Sunday Smiles
I don't know about you, but seriousness has been hanging in the air recently. Like, so much so that you can feel it.
I've been reading some serious books.
I'm doing serious work at the office.
I'm doing serious work at the office.
The dramatic weather has been very serious.
Tensions are high, keeping everyone in a serious frame of mind.
Then I saw this dancing man at the car wash yesterday. And I smiled. That was all I really needed - something to smile about.
So on this Sunday, we're not going to tackle a serious subject. I'm going to share some smiles with you instead. Please take them with you into the week, keep them with you for the serious times, and share them freely as you see they're necessary.

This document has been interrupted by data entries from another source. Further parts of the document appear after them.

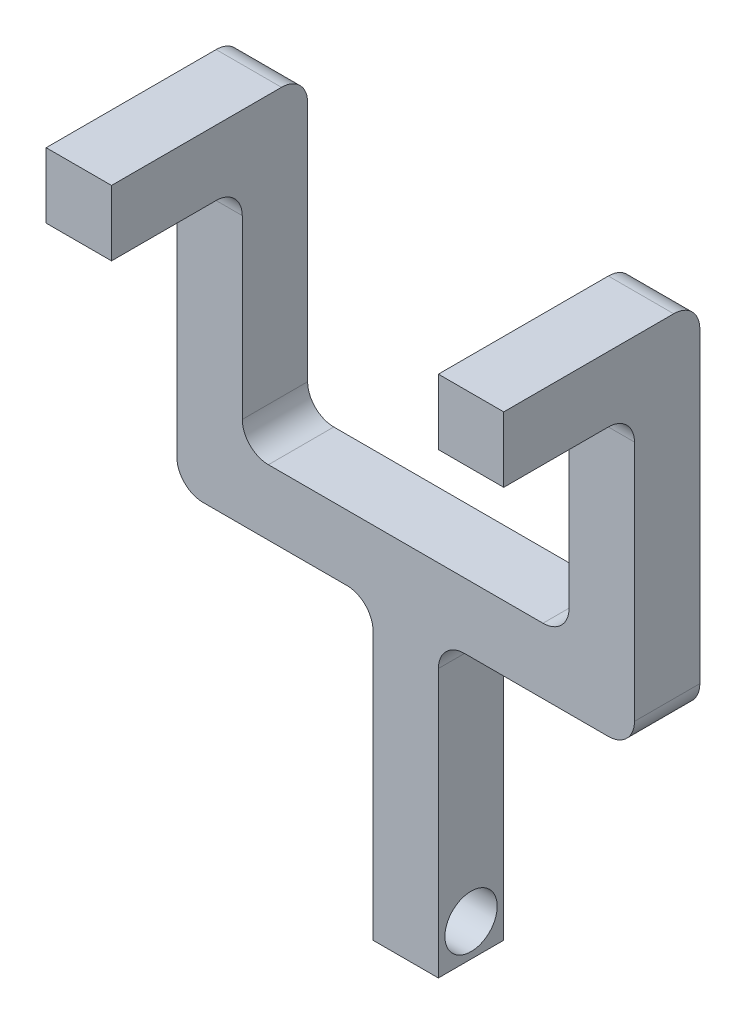
ISO-10303-21;
HEADER;
FILE_DESCRIPTION(('STEP AP214'),'2;1');
FILE_NAME('part.step','',(''),(''),'','','');
FILE_SCHEMA(('AUTOMOTIVE_DESIGN { 1 0 10303 214 1 1 1 1 }'));
ENDSEC;
DATA;
#1=APPLICATION_CONTEXT('core data for automotive mechanical design processes');
#2=APPLICATION_PROTOCOL_DEFINITION('international standard','automotive_design',2000,#1);
#3=PRODUCT_CONTEXT('',#1,'mechanical');
#4=PRODUCT('Part','Part','',(#3));
#5=PRODUCT_RELATED_PRODUCT_CATEGORY('part','',(#4));
#6=PRODUCT_DEFINITION_FORMATION('','',#4);
#7=PRODUCT_DEFINITION_CONTEXT('part definition',#1,'design');
#8=PRODUCT_DEFINITION('design','',#6,#7);
#9=PRODUCT_DEFINITION_SHAPE('','',#8);
#10=(LENGTH_UNIT() NAMED_UNIT(*) SI_UNIT(.MILLI.,.METRE.));
#11=(NAMED_UNIT(*) PLANE_ANGLE_UNIT() SI_UNIT($,.RADIAN.));
#12=(NAMED_UNIT(*) SI_UNIT($,.STERADIAN.) SOLID_ANGLE_UNIT());
#13=UNCERTAINTY_MEASURE_WITH_UNIT(LENGTH_MEASURE(1.E-05),#10,'distance_accuracy_value','');
#14=(GEOMETRIC_REPRESENTATION_CONTEXT(3) GLOBAL_UNCERTAINTY_ASSIGNED_CONTEXT((#13)) GLOBAL_UNIT_ASSIGNED_CONTEXT((#10,
#11,#12)) REPRESENTATION_CONTEXT('',''));
#15=CARTESIAN_POINT('',(0.,0.,0.));
#16=DIRECTION('',(0.,0.,1.));
#17=DIRECTION('',(1.,0.,0.));
#18=AXIS2_PLACEMENT_3D('',#15,#16,#17);
#19=CARTESIAN_POINT('',(0.,0.,10.));
#20=DIRECTION('',(0.,0.,-1.));
#21=DIRECTION('',(-1.,0.,0.));
#22=AXIS2_PLACEMENT_3D('',#19,#20,#21);
#23=PLANE('',#22);
#24=DIRECTION('',(0.,1.,0.));
#25=VECTOR('',#24,1.);
#26=CARTESIAN_POINT('',(70.,100.,10.));
#27=LINE('',#26,#25);
#28=CARTESIAN_POINT('',(70.,49.,10.));
#29=VERTEX_POINT('',#28);
#30=CARTESIAN_POINT('',(70.,86.,10.));
#31=VERTEX_POINT('',#30);
#32=EDGE_CURVE('E267',#29,#31,#27,.T.);
#33=ORIENTED_EDGE('',*,*,#32,.T.);
#34=DIRECTION('',(1.,0.,0.));
#35=VECTOR('',#34,1.);
#36=CARTESIAN_POINT('',(60.,86.,10.));
#37=LINE('',#36,#35);
#38=CARTESIAN_POINT('',(60.,86.,10.));
#39=VERTEX_POINT('',#38);
#40=EDGE_CURVE('E341',#31,#39,#37,.F.);
#41=ORIENTED_EDGE('',*,*,#40,.T.);
#42=DIRECTION('',(0.,-1.,0.));
#43=VECTOR('',#42,1.);
#44=CARTESIAN_POINT('',(60.,55.,10.));
#45=LINE('',#44,#43);
#46=CARTESIAN_POINT('',(60.,59.,10.));
#47=VERTEX_POINT('',#46);
#48=EDGE_CURVE('E270',#39,#47,#45,.T.);
#49=ORIENTED_EDGE('',*,*,#48,.T.);
#50=CARTESIAN_POINT('',(56.,59.,10.));
#51=DIRECTION('',(0.,0.,-1.));
#52=DIRECTION('',(-1.,0.,0.));
#53=AXIS2_PLACEMENT_3D('',#50,#51,#52);
#54=CIRCLE('',#53,4.);
#55=CARTESIAN_POINT('',(56.,55.,10.));
#56=VERTEX_POINT('',#55);
#57=EDGE_CURVE('E407',#47,#56,#54,.T.);
#58=ORIENTED_EDGE('',*,*,#57,.T.);
#59=DIRECTION('',(-1.,0.,0.));
#60=VECTOR('',#59,1.);
#61=CARTESIAN_POINT('',(10.,55.,10.));
#62=LINE('',#61,#60);
#63=CARTESIAN_POINT('',(14.,55.,10.));
#64=VERTEX_POINT('',#63);
#65=EDGE_CURVE('E274',#56,#64,#62,.T.);
#66=ORIENTED_EDGE('',*,*,#65,.T.);
#67=CARTESIAN_POINT('',(14.,59.,10.));
#68=DIRECTION('',(0.,0.,-1.));
#69=DIRECTION('',(-1.,0.,0.));
#70=AXIS2_PLACEMENT_3D('',#67,#68,#69);
#71=CIRCLE('',#70,4.);
#72=CARTESIAN_POINT('',(10.,59.,10.));
#73=VERTEX_POINT('',#72);
#74=EDGE_CURVE('E411',#64,#73,#71,.T.);
#75=ORIENTED_EDGE('',*,*,#74,.T.);
#76=DIRECTION('',(0.,1.,0.));
#77=VECTOR('',#76,1.);
#78=CARTESIAN_POINT('',(10.,100.,10.));
#79=LINE('',#78,#77);
#80=CARTESIAN_POINT('',(10.,86.,10.));
#81=VERTEX_POINT('',#80);
#82=EDGE_CURVE('E277',#73,#81,#79,.T.);
#83=ORIENTED_EDGE('',*,*,#82,.T.);
#84=DIRECTION('',(1.,0.,0.));
#85=VECTOR('',#84,1.);
#86=CARTESIAN_POINT('',(0.,86.,10.));
#87=LINE('',#86,#85);
#88=CARTESIAN_POINT('',(0.,86.,10.));
#89=VERTEX_POINT('',#88);
#90=EDGE_CURVE('E339',#81,#89,#87,.F.);
#91=ORIENTED_EDGE('',*,*,#90,.T.);
#92=DIRECTION('',(0.,-1.,0.));
#93=VECTOR('',#92,1.);
#94=CARTESIAN_POINT('',(0.,45.,10.));
#95=LINE('',#94,#93);
#96=CARTESIAN_POINT('',(0.,49.,10.));
#97=VERTEX_POINT('',#96);
#98=EDGE_CURVE('E280',#89,#97,#95,.T.);
#99=ORIENTED_EDGE('',*,*,#98,.T.);
#100=CARTESIAN_POINT('',(4.,49.,10.));
#101=DIRECTION('',(0.,0.,-1.));
#102=DIRECTION('',(-1.,0.,0.));
#103=AXIS2_PLACEMENT_3D('',#100,#101,#102);
#104=CIRCLE('',#103,4.);
#105=CARTESIAN_POINT('',(4.00000000000001,45.,10.));
#106=VERTEX_POINT('',#105);
#107=EDGE_CURVE('E335',#97,#106,#104,.F.);
#108=ORIENTED_EDGE('',*,*,#107,.T.);
#109=DIRECTION('',(1.,0.,0.));
#110=VECTOR('',#109,1.);
#111=CARTESIAN_POINT('',(30.,45.,10.));
#112=LINE('',#111,#110);
#113=CARTESIAN_POINT('',(26.,45.,10.));
#114=VERTEX_POINT('',#113);
#115=EDGE_CURVE('E283',#106,#114,#112,.T.);
#116=ORIENTED_EDGE('',*,*,#115,.T.);
#117=CARTESIAN_POINT('',(26.,41.,10.));
#118=DIRECTION('',(0.,0.,-1.));
#119=DIRECTION('',(-1.,0.,0.));
#120=AXIS2_PLACEMENT_3D('',#117,#118,#119);
#121=CIRCLE('',#120,4.);
#122=CARTESIAN_POINT('',(30.,41.,10.));
#123=VERTEX_POINT('',#122);
#124=EDGE_CURVE('E11',#114,#123,#121,.T.);
#125=ORIENTED_EDGE('',*,*,#124,.T.);
#126=DIRECTION('',(0.,-1.,0.));
#127=VECTOR('',#126,1.);
#128=CARTESIAN_POINT('',(30.,0.,10.));
#129=LINE('',#128,#127);
#130=CARTESIAN_POINT('',(30.,0.,10.));
#131=VERTEX_POINT('',#130);
#132=EDGE_CURVE('E286',#123,#131,#129,.T.);
#133=ORIENTED_EDGE('',*,*,#132,.T.);
#134=DIRECTION('',(1.,0.,0.));
#135=VECTOR('',#134,1.);
#136=CARTESIAN_POINT('',(40.,0.,10.));
#137=LINE('',#136,#135);
#138=CARTESIAN_POINT('',(40.,0.,10.));
#139=VERTEX_POINT('',#138);
#140=EDGE_CURVE('E288',#131,#139,#137,.T.);
#141=ORIENTED_EDGE('',*,*,#140,.T.);
#142=DIRECTION('',(0.,1.,0.));
#143=VECTOR('',#142,1.);
#144=CARTESIAN_POINT('',(40.,45.,10.));
#145=LINE('',#144,#143);
#146=CARTESIAN_POINT('',(40.,41.,10.));
#147=VERTEX_POINT('',#146);
#148=EDGE_CURVE('E290',#139,#147,#145,.T.);
#149=ORIENTED_EDGE('',*,*,#148,.T.);
#150=CARTESIAN_POINT('',(44.,41.,10.));
#151=DIRECTION('',(0.,0.,-1.));
#152=DIRECTION('',(-1.,0.,0.));
#153=AXIS2_PLACEMENT_3D('',#150,#151,#152);
#154=CIRCLE('',#153,4.);
#155=CARTESIAN_POINT('',(44.,45.,10.));
#156=VERTEX_POINT('',#155);
#157=EDGE_CURVE('E403',#147,#156,#154,.T.);
#158=ORIENTED_EDGE('',*,*,#157,.T.);
#159=DIRECTION('',(1.,0.,0.));
#160=VECTOR('',#159,1.);
#161=CARTESIAN_POINT('',(70.,45.,10.));
#162=LINE('',#161,#160);
#163=CARTESIAN_POINT('',(66.,45.,10.));
#164=VERTEX_POINT('',#163);
#165=EDGE_CURVE('E293',#156,#164,#162,.T.);
#166=ORIENTED_EDGE('',*,*,#165,.T.);
#167=CARTESIAN_POINT('',(66.,49.,10.));
#168=DIRECTION('',(0.,0.,-1.));
#169=DIRECTION('',(-1.,0.,0.));
#170=AXIS2_PLACEMENT_3D('',#167,#168,#169);
#171=CIRCLE('',#170,4.);
#172=EDGE_CURVE('E337',#164,#29,#171,.F.);
#173=ORIENTED_EDGE('',*,*,#172,.T.);
#174=EDGE_LOOP('',(#33,#41,#49,#58,#66,#75,#83,#91,#99,#108,#116,#125,#133,#141,#149,#158,#166,#173));
#175=FACE_BOUND('',#174,.T.);
#176=ADVANCED_FACE('F37',(#175),#23,.F.);
#177=CARTESIAN_POINT('',(70.,100.,10.));
#178=DIRECTION('',(-1.,0.,0.));
#179=DIRECTION('',(0.,0.,1.));
#180=AXIS2_PLACEMENT_3D('',#177,#178,#179);
#181=PLANE('',#180);
#182=ORIENTED_EDGE('',*,*,#32,.F.);
#183=DIRECTION('',(0.,0.,-1.));
#184=VECTOR('',#183,1.);
#185=CARTESIAN_POINT('',(70.,49.,10.));
#186=LINE('',#185,#184);
#187=CARTESIAN_POINT('',(70.,49.,0.));
#188=VERTEX_POINT('',#187);
#189=EDGE_CURVE('E348',#29,#188,#186,.T.);
#190=ORIENTED_EDGE('',*,*,#189,.T.);
#191=DIRECTION('',(0.,1.,0.));
#192=VECTOR('',#191,1.);
#193=CARTESIAN_POINT('',(70.,100.,0.));
#194=LINE('',#193,#192);
#195=CARTESIAN_POINT('',(70.,96.,0.));
#196=VERTEX_POINT('',#195);
#197=EDGE_CURVE('E266',#188,#196,#194,.T.);
#198=ORIENTED_EDGE('',*,*,#197,.T.);
#199=CARTESIAN_POINT('',(70.,96.,4.));
#200=DIRECTION('',(-1.,0.,0.));
#201=DIRECTION('',(0.,0.,1.));
#202=AXIS2_PLACEMENT_3D('',#199,#200,#201);
#203=CIRCLE('',#202,4.);
#204=CARTESIAN_POINT('',(70.,100.,4.));
#205=VERTEX_POINT('',#204);
#206=EDGE_CURVE('E346',#196,#205,#203,.F.);
#207=ORIENTED_EDGE('',*,*,#206,.T.);
#208=DIRECTION('',(0.,0.,-1.));
#209=VECTOR('',#208,1.);
#210=CARTESIAN_POINT('',(70.,100.,10.));
#211=LINE('',#210,#209);
#212=CARTESIAN_POINT('',(70.,100.,30.));
#213=VERTEX_POINT('',#212);
#214=EDGE_CURVE('E221',#213,#205,#211,.T.);
#215=ORIENTED_EDGE('',*,*,#214,.F.);
#216=DIRECTION('',(0.,1.,0.));
#217=VECTOR('',#216,1.);
#218=CARTESIAN_POINT('',(70.,90.,30.));
#219=LINE('',#218,#217);
#220=CARTESIAN_POINT('',(70.,90.,30.));
#221=VERTEX_POINT('',#220);
#222=EDGE_CURVE('E236',#221,#213,#219,.T.);
#223=ORIENTED_EDGE('',*,*,#222,.F.);
#224=DIRECTION('',(0.,0.,-1.));
#225=VECTOR('',#224,1.);
#226=CARTESIAN_POINT('',(70.,90.,30.));
#227=LINE('',#226,#225);
#228=CARTESIAN_POINT('',(70.,90.,14.));
#229=VERTEX_POINT('',#228);
#230=EDGE_CURVE('E246',#221,#229,#227,.T.);
#231=ORIENTED_EDGE('',*,*,#230,.T.);
#232=CARTESIAN_POINT('',(70.,86.,14.));
#233=DIRECTION('',(-1.,0.,0.));
#234=DIRECTION('',(0.,0.,1.));
#235=AXIS2_PLACEMENT_3D('',#232,#233,#234);
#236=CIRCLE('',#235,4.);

* If you're having a bad day, just remember that the airport in Salzburg, Austria, has a counter for people who flew to Austria instead of Australia.
* Have you heard of the new music group called cellophane? They mostly wrap.
* Did you know if you hold a squirrel up to your ear, you can hear what it's like to be attacked by a squirrel?
* Just sold my two homing pigeons on eBay for the 25th time...
* Where did Captain Hook buy his hook? At the second hand store.
* How many times do I have to click "I accept cookies" before they actually send me the cookies?
* Trying to understand some people is like trying to smell the color 9.
* My mind is like someone, for some reason, opened my junk drawer and decided to dump it on the trampoline.
* Doctors are saying that each piece of bacon you eat takes 9 minutes off your life. Using that math, I died in 1732.
* Out of all the inventions in the last 100 years, the dry erase board is the most remarkable.
* Scraped my elbow digging for gold. Just a miner injury.
* A cashew and a pistachio threw a party. It was nuts.
* I used to think I was indecisive. Now I'm not so sure.
* You can differentiate between an alligator and a crocodile by paying attention to whether the animal see you later or in a while.
* If you say gullible really slow, it sounds like orange...
* I'm super lazy today. It's like regular lazy but I'm wearing a cape.
* What do dentists call their x-rays? Tooth-pics.
* Tongue twister champion arrested. Given a tough sentence.
* Just ordered a chicken and an egg from Amazon...I'll let you know.